**Exercise**
Lines with the word "dxfattribs" in them must be copied from the records below.
═════ Data listing
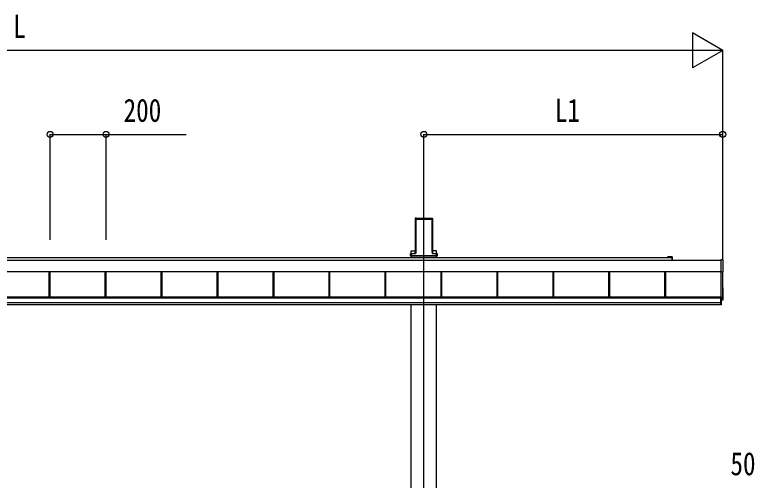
# Model space of a CAD drawing. Units: millimetres, scale not verified. Extents: x -10512 to 10512, y -7425 to 7425.
# Drawn here: x -1532 to 1110, y -2488 to -825 of the extents above; entities that cross this region are included whole.
import ezdxf
from ezdxf.enums import TextEntityAlignment as Align

# ---------------------------------------------------------------- set-up
doc = ezdxf.new("R2010")
doc.units = ezdxf.units.MM
doc.header["$LTSCALE"] = 30
for name, color, linetype in [('0-4_YKK_12', 2, 'Continuous'), ('0-5_YKK_A1', 4, 'Continuous'), ('0-6_YKK_D', 6, 'Continuous')]:
    doc.layers.add(name, color=color, linetype=linetype)
doc.styles.add('ＭＳ ゴシック', font='')
doc.styles.get('ＭＳ ゴシック').set_extended_font_data('MS Gothic')

msp = doc.modelspace()

# ---------------------------------------------------------------- linework, layer by layer
at = {"layer": '0-4_YKK_12'}
msp.add_line((-70.5, -4610.3), (-70.5, -1553.16), dxfattribs=at)
at = {"layer": '0-5_YKK_A1'}
for p, q in [((-101.75, -1558.51), (-101.75, -1675.18)), ((-101.39, -1552.66), (-101.74, -1558.15)), ((-100.95, -1553.12), (-101.39, -1552.66)), ((-100.89, -1552.19), (-98.85, -1552.19)), ((-100.89, -1552.19), (-100.45, -1552.65)), ((-100.87, -1669.13), (-100.87, -1554)), ((-100.37, -1553.68), (-100.37, -1668.81)), ((-98.54, -1552.52), (-98.85, -1552.19)), ((-98.54, -1552.52), (-42.46, -1552.52)), ((-98, -1555.66), (-43, -1555.66)), ((-98, -1677.01), (-98, -1555.66)), ((-42.46, -1552.52), (-42.15, -1552.19)), ((-42.15, -1552.19), (-40.11, -1552.19)), ((-40.63, -1668.81), (-40.63, -1553.68)), ((-40.55, -1552.65), (-40.11, -1552.19)), ((-40.13, -1554), (-40.13, -1669.13)), ((-39.61, -1552.66), (-40.05, -1553.12)), ((-39.61, -1552.66), (-39.26, -1558.15)), ((-39.25, -1558.51), (-39.25, -1675.18)), ((-118.37, -1685.93), (-118.37, -1686.43)), ((-118.37, -1686.43), (-117.9, -1686.43)), ((-117.9, -1685.93), (-117.9, -1679.05)), ((-115.91, -1685.93), (-117.9, -1685.93)), ((-117.9, -1685.93), (-117.9, -1686.43)), ((-115.91, -1686.43), (-117.9, -1686.43)), ((-117.87, -1678.08), (-102.86, -1678.08)), ((-115.91, -1679.13), (-115.91, -1685.93)), ((-102.33, -1679.13), (-115.91, -1679.13)), ((-115.91, -1685.93), (-25.09, -1685.93)), ((-115.91, -1685.93), (-115.91, -1686.43)), ((-115.91, -1686.43), (-25.09, -1686.43)), ((-115.7, -1668.75), (-101.75, -1668.75)), ((-115.7, -1678.08), (-115.7, -1668.75)), ((-115.7, -1692.1), (-115.7, -1686.43)), ((-115.5, -1686.43), (-115.5, -1692.1)), ((-114.5, -1686.09), (-26.5, -1686.09)), ((-101.76, -1675.53), (-101.86, -1677.14)), ((-101.34, -1677.7), (-100.96, -1671.6)), ((-100.46, -1671.63), (-100.84, -1677.73)), ((-40.16, -1677.73), (-40.54, -1671.63)), ((-40.04, -1671.6), (-39.66, -1677.7)), ((-25.3, -1668.75), (-39.25, -1668.75)), ((-39.24, -1675.53), (-39.14, -1677.14)), ((-38.67, -1678.63), (-25.09, -1678.63)), ((-25.09, -1679.13), (-38.67, -1679.13)), ((-38.14, -1678.08), (-23.13, -1678.08)), ((-25.5, -1686.43), (-25.5, -1692.1)), ((-25.3, -1678.08), (-25.3, -1668.75)), ((-25.3, -1692.1), (-25.3, -1686.43)), ((-25.09, -1678.63), (-25.09, -1679.13)), ((-25.09, -1685.93), (-25.09, -1679.13)), ((-23.1, -1685.93), (-25.09, -1685.93)), ((-25.09, -1685.93), (-25.09, -1686.43)), ((-23.1, -1686.43), (-25.09, -1686.43)), ((-23.1, -1679.05), (-23.1, -1685.93)), ((-22.63, -1686.43), (-23.1, -1686.43)), ((-23.09, -1685.93), (-23.09, -1686.43)), ((-22.63, -1685.93), (-22.63, -1686.43)), ((807.04, -1689.6), (801.75, -1689.6)), ((815.5, -1689.6), (807.96, -1689.6)), ((-4006, -1702.07), (991, -1702.07)), ((-3830.5, -1692.1), (801.75, -1692.1)), ((801.75, -1692.1), (815.2, -1692.1)), ((815.5, -1692.4), (815.5, -1702.07)), ((818, -1702.07), (818, -1692.1)), ((999, -1742.52), (999, -1701.49)), ((-4006, -1742.02), (991, -1742.02)), ((-4006, -1742.25), (991, -1742.25)), ((-1409, -1833), (-1409, -1742.25)), ((-1406.4, -1833), (-1406.4, -1742.25)), ((-1406, -1833), (-1406, -1742.25)), ((-1209, -1833), (-1209, -1742.25)), ((-1206.4, -1833), (-1206.4, -1742.25)), ((-1206, -1833), (-1206, -1742.25)), ((-1009, -1833), (-1009, -1742.25)), ((-1009, -1833), (-1009, -1742.25)), ((-1006.4, -1833), (-1006.4, -1742.25)), ((-1006.4, -1833), (-1006.4, -1742.25)), ((-1006, -1833), (-1006, -1742.25)), ((-809, -1833), (-809, -1742.25)), ((-806.4, -1833), (-806.4, -1742.25)), ((-806, -1833), (-806, -1742.25)), ((-609, -1833), (-609, -1742.25)), ((-606.4, -1833), (-606.4, -1742.25)), ((-606, -1833), (-606, -1742.25)), ((-409, -1833), (-409, -1742.25)), ((-406.4, -1833), (-406.4, -1742.25)), ((-406, -1833), (-406, -1742.25)), ((-209, -1833), (-209, -1742.25)), ((-206.4, -1833), (-206.4, -1742.25)), ((-206, -1833), (-206, -1742.25)), ((-9, -1833), (-9, -1742.25)), ((-6.4, -1833), (-6.4, -1742.25)), ((-6, -1833), (-6, -1742.25)), ((191, -1833), (191, -1742.25)), ((193.6, -1833), (193.6, -1742.25)), ((194, -1833), (194, -1742.25)), ((391, -1833), (391, -1742.25)), ((393.6, -1833), (393.6, -1742.25)), ((394, -1833), (394, -1742.25)), ((591, -1833), (591, -1742.25)), ((593.6, -1833), (593.6, -1742.25)), ((594, -1833), (594, -1742.25)), ((791, -1833), (791, -1742.25)), ((793.6, -1833), (793.6, -1742.25)), ((794, -1833), (794, -1742.25)), ((991, -1743.29), (991, -1743.79)), ((991, -1743.79), (998.53, -1743.33)), ((992.5, -1860.27), (992.5, -1743.69)), ((997.5, -1842.24), (997.5, -1743.39)), ((998.53, -1801.1), (997.5, -1801.03)), ((999, -1842.62), (999, -1801.59)), ((-4004, -1833), (989, -1833)), ((-4004, -1835.01), (989, -1835.01)), ((-4004, -1836.81), (989, -1836.81)), ((-4004, -1836.81), (989, -1836.81)), ((992.5, -1832.74), (989, -1832.74)), ((997.5, -1842.24), (992.5, -1842.24)), ((992.5, -1843.8), (998.53, -1843.43)), ((-4004, -1853.79), (989, -1853.79)), ((-4004, -1860.27), (989, -1860.27)), ((-115.7, -4410.3), (-115.7, -1860.27)), ((-25.3, -4410.3), (-25.3, -1860.27)), ((992.5, -1855.18), (989, -1855.18)), ((992.5, -1861.8), (989, -1861.8))]:
    msp.add_line(p, q, dxfattribs=at)
for points in [[(-118.37, -1678.58), (-118.37, -1685.93), (-117.9, -1685.93)], [(-115.91, -1679.13), (-115.91, -1678.63), (-102.33, -1678.63)], [(-22.63, -1678.58), (-22.63, -1685.93), (-23.1, -1685.93)], [(998.53, -1701), (991, -1700.54), (991, -1701.04), (991, -1743.29)], [(989, -1832.74), (989, -1855.18), (989, -1861.8)], [(989.5, -1832.74), (989.5, -1855.18), (989.5, -1861.8)], [(992.5, -1832.74), (992.5, -1855.18), (992.5, -1861.8)]]:
    msp.add_lwpolyline(points, dxfattribs=at)
for centre, radius, start, end in [((-117.4, -1679.05), 0.501, 90.24971, 179.75029), ((-23.6, -1679.05), 0.501, 0.24971, 89.75029), ((801.75, -1690.85), 1.25, 90, 270), ((807.04, -1689.8), 0.2, 23.57818, 90), ((807.5, -1689.6), 0.3, 203.57818, 336.42182), ((807.96, -1689.8), 0.2, 90, 156.42182), ((815.5, -1692.1), 2.5, 0, 90), ((815.2, -1692.4), 0.3, 0, 90), ((998.5, -1701.49), 0.497, 0.05228, 86.83056), ((998.13, -1742.55), 0.873, 297.46207, 2.25858), ((998.5, -1801.59), 0.497, 0.05228, 86.83056), ((998.13, -1842.65), 0.873, 297.46207, 2.25858)]:
    msp.add_arc(centre, radius, start, end, dxfattribs=at)
for centre, major_axis, ratio, start_param, end_param in [((-101.71, -1558.15), (0.031, 0.5), 0.061627, 1.5746234, 2.3600215), ((-100.89, -1552.69), (0.346, -0.364), 0.996462, 2.3838095, 3.8892836), ((-101.18, -1556.16), (0.22, 3.04), 0.070684, 5.5043854, 6.2286971), ((-100.68, -1556.19), (0.22, 3.54), 0.060877, 5.5025319, 6.2268436), ((-40.32, -1556.19), (-0.22, 3.54), 0.060877, 0.0563417, 0.7806534), ((-39.82, -1556.16), (-0.22, 3.04), 0.070684, 0.0544883, 0.7787999), ((-40.11, -1552.69), (-0.346, -0.364), 0.996462, 2.3939017, 3.8993758), ((-39.29, -1558.15), (-0.031, 0.5), 0.061627, 3.9231638, 4.7085619), ((-117.87, -1678.58), (0.355, -0.355), 0.99628, 2.358058, 3.9251274), ((-115.91, -1679.04), (2, 0), 0.045872, 3.2026792, 4.712389), ((-115.91, -1678.54), (1.5, 0), 0.061163, 3.2026792, 4.712389), ((-102.86, -1677.08), (0.691, -0.728), 0.996462, 5.5254021, 7.0308762), ((-102.34, -1677.63), (-0.693, 0.73), 0.992955, 2.3838095, 3.8892836), ((-102.34, -1677.63), (1.04, -1.09), 0.996462, 5.5254021, 7.0308762), ((-101.79, -1675.53), (0.031, 0.5), 0.061627, 4.716216, 5.5016142), ((-101.18, -1671.6), (0.22, 3.5), 0.061627, 4.716216, 5.5016142), ((-100.68, -1671.63), (0.22, 4), 0.053972, 4.7153191, 5.5007173), ((-40.32, -1671.63), (-0.22, 4), 0.053972, 0.782468, 1.5678662), ((-38.66, -1677.63), (-1.04, -1.09), 0.996462, 5.5354944, 7.0409685), ((-39.82, -1671.6), (-0.22, 3.5), 0.061627, 0.7815711, 1.5669693), ((-38.66, -1677.63), (0.693, 0.73), 0.992955, 2.3939017, 3.8993758), ((-39.21, -1675.53), (-0.031, 0.5), 0.061627, 0.7815711, 1.5669693), ((-38.14, -1677.08), (-0.691, -0.728), 0.996462, 5.5354944, 7.0409685), ((-25.09, -1678.54), (1.5, 0), 0.061163, 4.712389, 6.2220988), ((-25.09, -1679.04), (2, 0), 0.045872, 4.712389, 6.2220988), ((-23.13, -1678.58), (-0.355, -0.355), 0.99628, 2.358058, 3.9251274)]:
    msp.add_ellipse(centre, major_axis=major_axis, ratio=ratio, start_param=start_param, end_param=end_param, dxfattribs=at)
at = {"layer": '0-6_YKK_D'}
for p, q in [((997.5, -952.52), (889.25, -890.02)), ((889.25, -890.02), (889.25, -1015.02)), ((872.5, -952.52), (-3887.5, -952.52)), ((997.5, -952.52), (780.99, -952.52)), ((997.5, -952.52), (889.25, -1015.02)), ((997.5, -1701.1), (997.5, -951.52)), ((-1406, -1629.61), (-1406, -1251.52)), ((-1206, -1629.61), (-1206, -1251.52)), ((-70.5, -1552.16), (-70.5, -1251.52)), ((-70.5, -1252.52), (997.5, -1252.52)), ((997.5, -1701.1), (997.5, -1251.52))]:
    msp.add_line(p, q, dxfattribs=at)
msp.add_lwpolyline([(-1406, -1252.52), (-1206, -1252.52), (-919.5, -1252.52)], dxfattribs=at)
for centre in [(-1406, -1252.52), (-1206, -1252.52), (-70.5, -1252.52), (997.5, -1252.52)]:
    msp.add_circle(centre, 10.62, dxfattribs=at)

# ---------------------------------------------------------------- texts
at = {"layer": '0-6_YKK_D', "style": 'ＭＳ ゴシック', "width": 0.8}
for s, p in [('L', (-1537.5, -932.52)), ('200', (-1143.5, -1232.52)), ('L1', (397.5, -1232.52)), ('50', (1025, -2495.3))]:
    msp.add_text(s, height=82.48, dxfattribs=at).set_placement(p, align=Align.BOTTOM_LEFT)

doc.saveas('drawing.dxf')
══════════
**Result**
msp.add_line((-70.5, -4610.3), (-70.5, -1553.16), dxfattribs=at)
    msp.add_line(p, q, dxfattribs=at)
    msp.add_lwpolyline(points, dxfattribs=at)
    msp.add_arc(centre, radius, start, end, dxfattribs=at)
    msp.add_ellipse(centre, major_axis=major_axis, ratio=ratio, start_param=start_param, end_param=end_param, dxfattribs=at)
    msp.add_line(p, q, dxfattribs=at)
msp.add_lwpolyline([(-1406, -1252.52), (-1206, -1252.52), (-919.5, -1252.52)], dxfattribs=at)
    msp.add_circle(centre, 10.62, dxfattribs=at)
    msp.add_text(s, height=82.48, dxfattribs=at).set_placement(p, align=Align.BOTTOM_LEFT)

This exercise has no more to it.